▸ **Task directions**
Within the listing below, filter for "corner" and copy every matching line.

▸ **Extracted entries**

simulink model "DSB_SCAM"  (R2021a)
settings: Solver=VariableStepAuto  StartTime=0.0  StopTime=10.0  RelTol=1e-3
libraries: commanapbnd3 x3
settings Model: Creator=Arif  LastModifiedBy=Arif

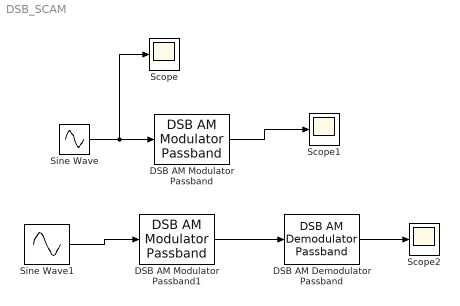
== system DSB_SCAM ==
  DSB AM Demodulator Passband : commanapbnd3/DSB AM Demodulator Passband  Fc=2000  Ph=0  method=Butterworth  n=4  cf=300  Rp=0.1  Rs=50  Offset=1
      settings: SourceProductBaseCode=CM
  DSB AM Modulator Passband : commanapbnd3/DSB AM Modulator Passband  Fc=1500  Ph=0  Offset=1
      settings: SourceProductBaseCode=CM
  DSB AM Modulator Passband1 : commanapbnd3/DSB AM Modulator Passband  Fc=2000  Ph=0  Offset=1
      settings: SourceProductBaseCode=CM
  Scope : Scope
  Scope1 : Scope
  Scope2 : Scope
  Sine Wave : Sin  SineType=Sample based  Samples=800  SampleTime=0.0001
  Sine Wave1 : Sin  SineType=Sample based  Samples=500  SampleTime=0.0001  Offset=500
  wires:
  Sine Wave/1 -> Scope/1, DSB AM Modulator Passband/1
  DSB AM Modulator Passband/1 -> Scope1/1
  Sine Wave1/1 -> DSB AM Modulator Passband1/1
  DSB AM Modulator Passband1/1 -> DSB AM Demodulator Passband/1
  DSB AM Demodulator Passband/1 -> Scope2/1
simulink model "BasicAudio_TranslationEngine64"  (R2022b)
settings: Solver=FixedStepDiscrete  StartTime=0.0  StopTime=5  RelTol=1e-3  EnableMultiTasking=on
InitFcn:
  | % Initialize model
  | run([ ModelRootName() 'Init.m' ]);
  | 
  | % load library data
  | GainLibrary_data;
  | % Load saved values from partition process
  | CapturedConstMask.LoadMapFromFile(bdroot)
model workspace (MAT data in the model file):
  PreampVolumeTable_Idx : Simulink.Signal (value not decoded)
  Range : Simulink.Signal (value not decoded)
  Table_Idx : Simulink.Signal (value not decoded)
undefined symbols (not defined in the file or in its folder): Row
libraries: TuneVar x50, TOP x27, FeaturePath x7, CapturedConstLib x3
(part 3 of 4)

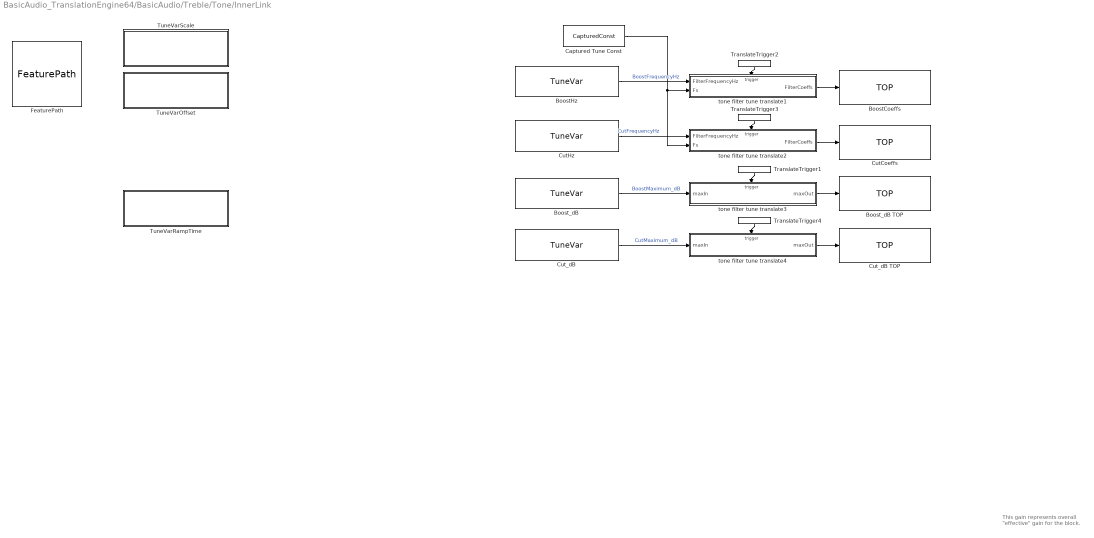
== system BasicAudio_TranslationEngine64/BasicAudio/Treble/Tone/InnerLink ==
  note: This gain represents overall
      | "effective" gain for the block.
  BoostCoeffs : TOP/TOP  TriggerInit=[-490 -218 -340 -162]  TopName=BoostCoeffs  DataTypeOut=single  BankNumber=Config.BankNumber  PreOverlay=false  PostOverlay=false  CompatibilityString=[]  Role=Automatic
      settings: SourceProductName=Bose Talaria
  BoostHz : TuneVar/TuneVar  Description=Indicates the 'corner frequency' of the target frequency band for the 'Boost' filter.  TuneName=BoostFrequencyHz  SpecifyMaxSize=off  VariableDim=1 (Row)  MaxSize=[1 1]  TunabilityNumber=1  MinValue=[]  MaxValue=[]  TriggerInit=[-1025 -225 -855 -175]  MaskValue=Config.DefaultBoostHz
      settings: SourceProductName=Bose Talaria
  Boost_dB : TuneVar/TuneVar  Description=Indicates the maximum impact in dB for the tone boost. This value must be positive. A negative boost impact would imply a gain cut instead!  TuneName=BoostMaximum_dB  SpecifyMaxSize=off  VariableDim=1 (Row)  MaxSize=[1 1]  TunabilityNumber=1  MinValue=[0]  MaxValue=[]  TriggerInit=[-1025 -40 -855 10]  MaskValue=Config.DefaultBoostDb
      settings: SourceProductName=Bose Talaria
  Boost_dB TOP : TOP/TOP  TriggerInit=[-490 -43 -340 13]  TopName=BoostMaximum_dB  DataTypeOut=single  BankNumber=Config.BankNumber  PreOverlay=false  PostOverlay=false  CompatibilityString=[]  Role=Automatic
      settings: SourceProductName=Bose Talaria
  Captured Tune Const : CapturedConstLib/CapturedConst  TriggerInit=[-945 -293 -845 -257]  Role=Automatic
      settings: SourceProductName=Bose Talaria
  CutCoeffs : TOP/TOP  TriggerInit=[-490 -128 -340 -72]  TopName=CutCoeffs  DataTypeOut=single  BankNumber=Config.BankNumber  PreOverlay=false  PostOverlay=false  CompatibilityString=[]  Role=Automatic
      settings: SourceProductName=Bose Talaria
  CutHz : TuneVar/TuneVar  Description=Indicates the 'corner frequency' of the target frequency band for the 'Cut' filter.  TuneName=CutFrequencyHz  SpecifyMaxSize=off  VariableDim=1 (Row)  MaxSize=[1 1]  TunabilityNumber=1  MinValue=[]  MaxValue=[]  TriggerInit=[-1025 -135 -855 -85]  MaskValue=Config.DefaultCutHz
      settings: SourceProductName=Bose Talaria
  Cut_dB : TuneVar/TuneVar  Description=Indicates the maximum impact in dB for the tone cut. This value must be positive. A negative cut impact would imply a gain boost instead!  TuneName=CutMaximum_dB  SpecifyMaxSize=off  VariableDim=1 (Row)  MaxSize=[1 1]  TunabilityNumber=1  MinValue=[0]  MaxValue=[]  TriggerInit=[-1025 45 -855 95]  MaskValue=Config.DefaultCutDb
      settings: SourceProductName=Bose Talaria
  Cut_dB TOP : TOP/TOP  TriggerInit=[-490 42 -340 98]  TopName=CutMaximum_dB  DataTypeOut=single  BankNumber=Config.BankNumber  PreOverlay=false  PostOverlay=false  CompatibilityString=[]  Role=Automatic
      settings: SourceProductName=Bose Talaria
  FeaturePath : FeaturePath/FeaturePath  FeatureName=Treble  IsGroup=off  GroupNumber=-1  IsModule=off  TriggerInit=[-1855 -266 -1740 -159]
      settings: SourceProductName=Bose Talaria
  TranslateTrigger1 : TuneVar/TranslateTrigger  TriggerInit=[-657 -60 -603 -50]
      settings: SourceProductName=Bose Talaria
  TranslateTrigger2 : TuneVar/TranslateTrigger  TriggerInit=[-657 -235 -603 -225]
      settings: SourceProductName=Bose Talaria
  TranslateTrigger3 : TuneVar/TranslateTrigger  TriggerInit=[-657 -145 -603 -135]
      settings: SourceProductName=Bose Talaria
  TranslateTrigger4 : TuneVar/TranslateTrigger  TriggerInit=[-657 25 -603 35]
      settings: SourceProductName=Bose Talaria
  TuneVarOffset : Subsystem  Description=Offset represents the midpoint of the index range, which separates the 'boost' indices from the 'cut' indices.  mask(Talaria Trivial Tune TOP){TriggerInit=[-1670 -213 -1500 -157], TopName=Offset, TuneName=Offset, DataTypeOut=single, MaskValue=Config.DefaultOffset, TunabilityNumber=1, MinValue=[], MaxValue=[], BankNumber=Config.BankNumber, PreOverlay=false, PostOverlay=false, UseSameName=on}
      mask prompts: TriggerInit "Hidden: MoveFcn redraw"; TopName "Name:"; TuneName "Name of TuneVar:"; DataTypeOut "Data type:"; MaskValue "Default Value:"; TunabilityNumber "Tunability:"; MinValue "Min Value:"; MaxValue "Max Value:"; BankNumber "Target memory bank number:"; PreOverlay "Requires pre-overlay action:"; PostOverlay "Requires post-overlay action:"; UseSameName "Use same name for tune variable and TOP"
      mask help: The TuneTOP block encapsultes a Target Overlay Parameter, a Tune Variable, and a Trivial Translation between them.
      mask init:
      | [ok,activeTopPath,activeTunePath] = TuneTOP_Mask.Init(gcbh);
      settings: MoveFcn=TuneTOP_Mask.CB_TriggerInit(gcbh);
      mask Callback TriggerInit: TuneTOP_Mask.CB_TriggerInit(gcbh);
      mask TypeOptions TopName: TOP/TopName
      mask TypeOptions TuneName: Tune Variable/TuneName
      mask TypeOptions DataTypeOut: TOP/DataTypeOut
      mask TypeOptions MaskValue: Tune Variable/MaskValue
      mask TypeOptions TunabilityNumber: Tune Variable/TunabilityNumber
      mask Callback TunabilityNumber: TuneVarMask.CB_TunabilityNumber(gcbh);
      mask TypeOptions MinValue: Tune Variable/MinValue
      mask TypeOptions MaxValue: Tune Variable/MaxValue
      mask TypeOptions BankNumber: TOP/BankNumber
      mask TypeOptions PreOverlay: TOP/PreOverlay
      mask TypeOptions PostOverlay: TOP/PostOverlay
      mask Callback UseSameName: TuneTOP_Mask.CB_UseSameName(gcbh);
      mask DialogControl toolPanel Prompt: Tuning Tool Hints
      mask DialogControl DescriptionGroup Prompt: Description
      mask DialogControl EditDescription Prompt: Edit Description
      mask DialogControl EditDescription Callback: TuneTOP_Mask.CB_EditDescription(gcbh);
      mask DialogControl TunabilityText Prompt: Easy: Changes nearly every tuning.
      mask DialogControl AdvancedPanel Prompt: Advanced
      mask DialogControl ConvertToFullTranslation Prompt: Irreversible conversion to full translation
      mask DialogControl ConvertToFullTranslation Callback: TuneTOP_Mask.CB_ConvertToFullTranslation(gcbh);
      mask DialogControl ErrorContainer Prompt: Error Messages
      mask Display:
      | % retrieve icon definition
      | [path,w,h] = TuneTOP_Mask.Icon();
      | 
      | % retrieve the block's pixel size
      | pos = get(gcbh,'position');
      | bw = pos(3) - pos(1);
      | bh = pos(4) - pos(2);
      | 
      | % draw centered icon
      | xAdj = bw/2 - w/2 + 5;
      | yAdj = bh/2 - h/2 + 4;
      | for i=1:length(path)
      | 	patch(path(i).x+xAdj, path(i).y+yAdj, path(i).rgb);
      | end
      | 
      | % show the top name or an X
      | if (exist('ok','var') && ok)
      | 	text(bw*0.5, bh*0.2, activeTopPath, 'horizontalAlignment', 'center');
      | 	patch(0,0,[1 1 1]);
      | 	patch(bw,bh,[1 1 1]);
      | else
      | 	tx=bw*0.03;
      | 	ty=bh*0.03;
      | 	patch([0 tx bw bw-tx], [ty 0 bh-ty bh], [1 0 0]);
      | 	patch([0 bw-tx bw tx], [bh-ty 0 ty bh], [1 0 0]);
      | end
  TuneVarRampTime : Subsystem  Description=This is the default ramp time that will be used if the RTC message has a '0' for both ramp time and ramp rate.  mask(Talaria Trivial Tune TOP){TriggerInit=[-1670 -18 -1500 38], TopName=ramptime, TuneName=ramptime, DataTypeOut=single, MaskValue=30, TunabilityNumber=1, MinValue=1, MaxValue=100000, BankNumber=0, PreOverlay=false, PostOverlay=false, UseSameName=on}
      mask prompts: TriggerInit "Hidden: MoveFcn redraw"; TopName "Name:"; TuneName "Name of TuneVar:"; DataTypeOut "Data type:"; MaskValue "Default Value:"; TunabilityNumber "Tunability:"; MinValue "Min Value:"; MaxValue "Max Value:"; BankNumber "Target memory bank number:"; PreOverlay "Requires pre-overlay action:"; PostOverlay "Requires post-overlay action:"; UseSameName "Use same name for tune variable and TOP"
      mask help: The TuneTOP block encapsultes a Target Overlay Parameter, a Tune Variable, and a Trivial Translation between them.
      mask init:
      | [ok,activeTopPath,activeTunePath] = TuneTOP_Mask.Init(gcbh);
      settings: MoveFcn=TuneTOP_Mask.CB_TriggerInit(gcbh);
      mask Callback TriggerInit: TuneTOP_Mask.CB_TriggerInit(gcbh);
      mask TypeOptions TopName: TOP/TopName
      mask TypeOptions TuneName: Tune Variable/TuneName
      mask TypeOptions DataTypeOut: TOP/DataTypeOut
      mask TypeOptions MaskValue: Tune Variable/MaskValue
      mask TypeOptions TunabilityNumber: Tune Variable/TunabilityNumber
      mask Callback TunabilityNumber: TuneVarMask.CB_TunabilityNumber(gcbh);
      mask TypeOptions MinValue: Tune Variable/MinValue
      mask TypeOptions MaxValue: Tune Variable/MaxValue
      mask TypeOptions BankNumber: TOP/BankNumber
      mask TypeOptions PreOverlay: TOP/PreOverlay
      mask TypeOptions PostOverlay: TOP/PostOverlay
      mask Callback UseSameName: TuneTOP_Mask.CB_UseSameName(gcbh);
      mask DialogControl toolPanel Prompt: Tuning Tool Hints
      mask DialogControl DescriptionGroup Prompt: Description
      mask DialogControl EditDescription Prompt: Edit Description
      mask DialogControl EditDescription Callback: TuneTOP_Mask.CB_EditDescription(gcbh);
      mask DialogControl TunabilityText Prompt: Easy: Changes nearly every tuning.
      mask DialogControl AdvancedPanel Prompt: Advanced
      mask DialogControl ConvertToFullTranslation Prompt: Irreversible conversion to full translation
      mask DialogControl ConvertToFullTranslation Callback: TuneTOP_Mask.CB_ConvertToFullTranslation(gcbh);
      mask DialogControl ErrorContainer Prompt: Error Messages
      mask Display:
      | % retrieve icon definition
      | [path,w,h] = TuneTOP_Mask.Icon();
      | 
      | % retrieve the block's pixel size
      | pos = get(gcbh,'position');
      | bw = pos(3) - pos(1);
      | bh = pos(4) - pos(2);
      | 
      | % draw centered icon
      | xAdj = bw/2 - w/2 + 5;
      | yAdj = bh/2 - h/2 + 4;
      | for i=1:length(path)
      | 	patch(path(i).x+xAdj, path(i).y+yAdj, path(i).rgb);
      | end
      | 
      | % show the top name or an X
      | if (exist('ok','var') && ok)
      | 	text(bw*0.5, bh*0.2, activeTopPath, 'horizontalAlignment', 'center');
      | 	patch(0,0,[1 1 1]);
      | 	patch(bw,bh,[1 1 1]);
      | else
      | 	tx=bw*0.03;
      | 	ty=bh*0.03;
      | 	patch([0 tx bw bw-tx], [ty 0 bh-ty bh], [1 0 0]);
      | 	patch([0 bw-tx bw tx], [bh-ty 0 ty bh], [1 0 0]);
      | end
  TuneVarScale : Subsystem  Description=Scale is used to normalize the linear gain to a value between +/- 1. The range (0,1] represents a boost while the range [-1,0) represents a cut. We use the number of available indices in each range (mapped to gain values between [-1,1]) as the denominator for normalization, i.e. as the 'Scale'.  mask(Talaria Trivial Tune TOP){TriggerInit=[-1670 -283 -1500 -227], TopName=Scale, TuneName=Scale, DataTypeOut=single, MaskValue=Config.DefaultScale, TunabilityNumber=1, MinValue=[], MaxValue=[], BankNumber=Config.BankNumber, PreOverlay=false, PostOverlay=false, UseSameName=on}
      mask prompts: TriggerInit "Hidden: MoveFcn redraw"; TopName "Name:"; TuneName "Name of TuneVar:"; DataTypeOut "Data type:"; MaskValue "Default Value:"; TunabilityNumber "Tunability:"; MinValue "Min Value:"; MaxValue "Max Value:"; BankNumber "Target memory bank number:"; PreOverlay "Requires pre-overlay action:"; PostOverlay "Requires post-overlay action:"; UseSameName "Use same name for tune variable and TOP"
      mask help: The TuneTOP block encapsultes a Target Overlay Parameter, a Tune Variable, and a Trivial Translation between them.
      mask init:
      | [ok,activeTopPath,activeTunePath] = TuneTOP_Mask.Init(gcbh);
      settings: MoveFcn=TuneTOP_Mask.CB_TriggerInit(gcbh);
      mask Callback TriggerInit: TuneTOP_Mask.CB_TriggerInit(gcbh);
      mask TypeOptions TopName: TOP/TopName
      mask TypeOptions TuneName: Tune Variable/TuneName
      mask TypeOptions DataTypeOut: TOP/DataTypeOut
      mask TypeOptions MaskValue: Tune Variable/MaskValue
      mask TypeOptions TunabilityNumber: Tune Variable/TunabilityNumber
      mask Callback TunabilityNumber: TuneVarMask.CB_TunabilityNumber(gcbh);
      mask TypeOptions MinValue: Tune Variable/MinValue
      mask TypeOptions MaxValue: Tune Variable/MaxValue
      mask TypeOptions BankNumber: TOP/BankNumber
      mask TypeOptions PreOverlay: TOP/PreOverlay
      mask TypeOptions PostOverlay: TOP/PostOverlay
      mask Callback UseSameName: TuneTOP_Mask.CB_UseSameName(gcbh);
      mask DialogControl toolPanel Prompt: Tuning Tool Hints
      mask DialogControl DescriptionGroup Prompt: Description
      mask DialogControl EditDescription Prompt: Edit Description
      mask DialogControl EditDescription Callback: TuneTOP_Mask.CB_EditDescription(gcbh);
      mask DialogControl TunabilityText Prompt: Easy: Changes nearly every tuning.
      mask DialogControl AdvancedPanel Prompt: Advanced
      mask DialogControl ConvertToFullTranslation Prompt: Irreversible conversion to full translation
      mask DialogControl ConvertToFullTranslation Callback: TuneTOP_Mask.CB_ConvertToFullTranslation(gcbh);
      mask DialogControl ErrorContainer Prompt: Error Messages
      mask Display:
      | % retrieve icon definition
      | [path,w,h] = TuneTOP_Mask.Icon();
      | 
      | % retrieve the block's pixel size
      | pos = get(gcbh,'position');
      | bw = pos(3) - pos(1);
      | bh = pos(4) - pos(2);
      | 
      | % draw centered icon
      | xAdj = bw/2 - w/2 + 5;
      | yAdj = bh/2 - h/2 + 4;
      | for i=1:length(path)
      | 	patch(path(i).x+xAdj, path(i).y+yAdj, path(i).rgb);
      | end
      | 
      | % show the top name or an X
      | if (exist('ok','var') && ok)
      | 	text(bw*0.5, bh*0.2, activeTopPath, 'horizontalAlignment', 'center');
      | 	patch(0,0,[1 1 1]);
      | 	patch(bw,bh,[1 1 1]);
      | else
      | 	tx=bw*0.03;
      | 	ty=bh*0.03;
      | 	patch([0 tx bw bw-tx], [ty 0 bh-ty bh], [1 0 0]);
      | 	patch([0 bw-tx bw tx], [bh-ty 0 ty bh], [1 0 0]);
      | end
  tone filter tune translate1 : MATLAB Function  TreatAsAtomicUnit=on  mask{MaskFilterType=Config.FilterType}
      mask prompts: MaskFilterType "Filter type"
  tone filter tune translate2 : MATLAB Function  TreatAsAtomicUnit=on  mask{MaskFilterType=Config.FilterType}
      mask prompts: MaskFilterType "Filter type"
  tone filter tune translate3 : MATLAB Function  TreatAsAtomicUnit=on
  tone filter tune translate4 : MATLAB Function  TreatAsAtomicUnit=on
  wires:
  TranslateTrigger2/1 -> tone filter tune translate1/Trigger
  BoostHz/1 -> tone filter tune translate1/1(FilterFrequencyHz)  "BoostFrequencyHz"
  TranslateTrigger3/1 -> tone filter tune translate2/Trigger
  CutHz/1 -> tone filter tune translate2/1(FilterFrequencyHz)  "CutFrequencyHz"
  tone filter tune translate1/1(FilterCoeffs) -> BoostCoeffs/1
  tone filter tune translate2/1(FilterCoeffs) -> CutCoeffs/1
  Boost_dB/1 -> tone filter tune translate3/1(maxIn)  "BoostMaximum_dB"
  tone filter tune translate3/1(maxOut) -> Boost_dB TOP/1
  Cut_dB/1 -> tone filter tune translate4/1(maxIn)  "CutMaximum_dB"
  tone filter tune translate4/1(maxOut) -> Cut_dB TOP/1
  Captured Tune Const/1 -> tone filter tune translate2/2(Fs), tone filter tune translate1/2(Fs)
  TranslateTrigger1/1 -> tone filter tune translate3/Trigger
  TranslateTrigger4/1 -> tone filter tune translate4/Trigger

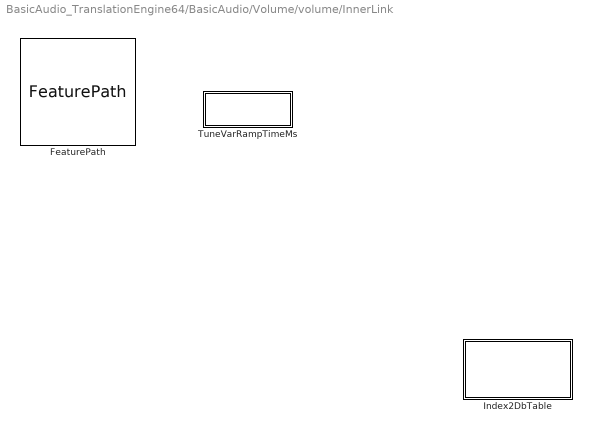
== system BasicAudio_TranslationEngine64/BasicAudio/Volume/volume/InnerLink ==
  FeaturePath : FeaturePath/FeaturePath  FeatureName=Volume  IsGroup=off  GroupNumber=-1  IsModule=off  TriggerInit=[640 269 755 376]
      settings: SourceProductName=Bose Talaria
  Index2DbTable : Subsystem  mask(Blocklib Index2DbTable){Config=Config}
      mask prompts: Config "Index2DbTableConfig"
      mask help: This block contains overlay tuning data for an index-to-dB lookup table. Provide the maximum number of points in the table as a build-time variable. The TuneVar is variable size, but must define at least two points (i.e. two rows, or four values).
      mask init:
      | blkh=gcbh;
      | Config=BTConfig.Assert(blkh,Config);
      | 
      | Config.Validate();
      mask Help:
      | This block contains overlay tuning data which defines an index-to-dB lookup table.
      | Each row of the tuning data contains an index and a dB value.
      | 
      | Tuning data
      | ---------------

▸ **Solution**
  BoostHz : TuneVar/TuneVar  Description=Indicates the 'corner frequency' of the target frequency band for the 'Boost' filter.  TuneName=BoostFrequencyHz  SpecifyMaxSize=off  VariableDim=1 (Row)  MaxSize=[1 1]  TunabilityNumber=1  MinValue=[]  MaxValue=[]  TriggerInit=[-1025 -225 -855 -175]  MaskValue=Config.DefaultBoostHz
  CutHz : TuneVar/TuneVar  Description=Indicates the 'corner frequency' of the target frequency band for the 'Cut' filter.  TuneName=CutFrequencyHz  SpecifyMaxSize=off  VariableDim=1 (Row)  MaxSize=[1 1]  TunabilityNumber=1  MinValue=[]  MaxValue=[]  TriggerInit=[-1025 -135 -855 -85]  MaskValue=Config.DefaultCutHz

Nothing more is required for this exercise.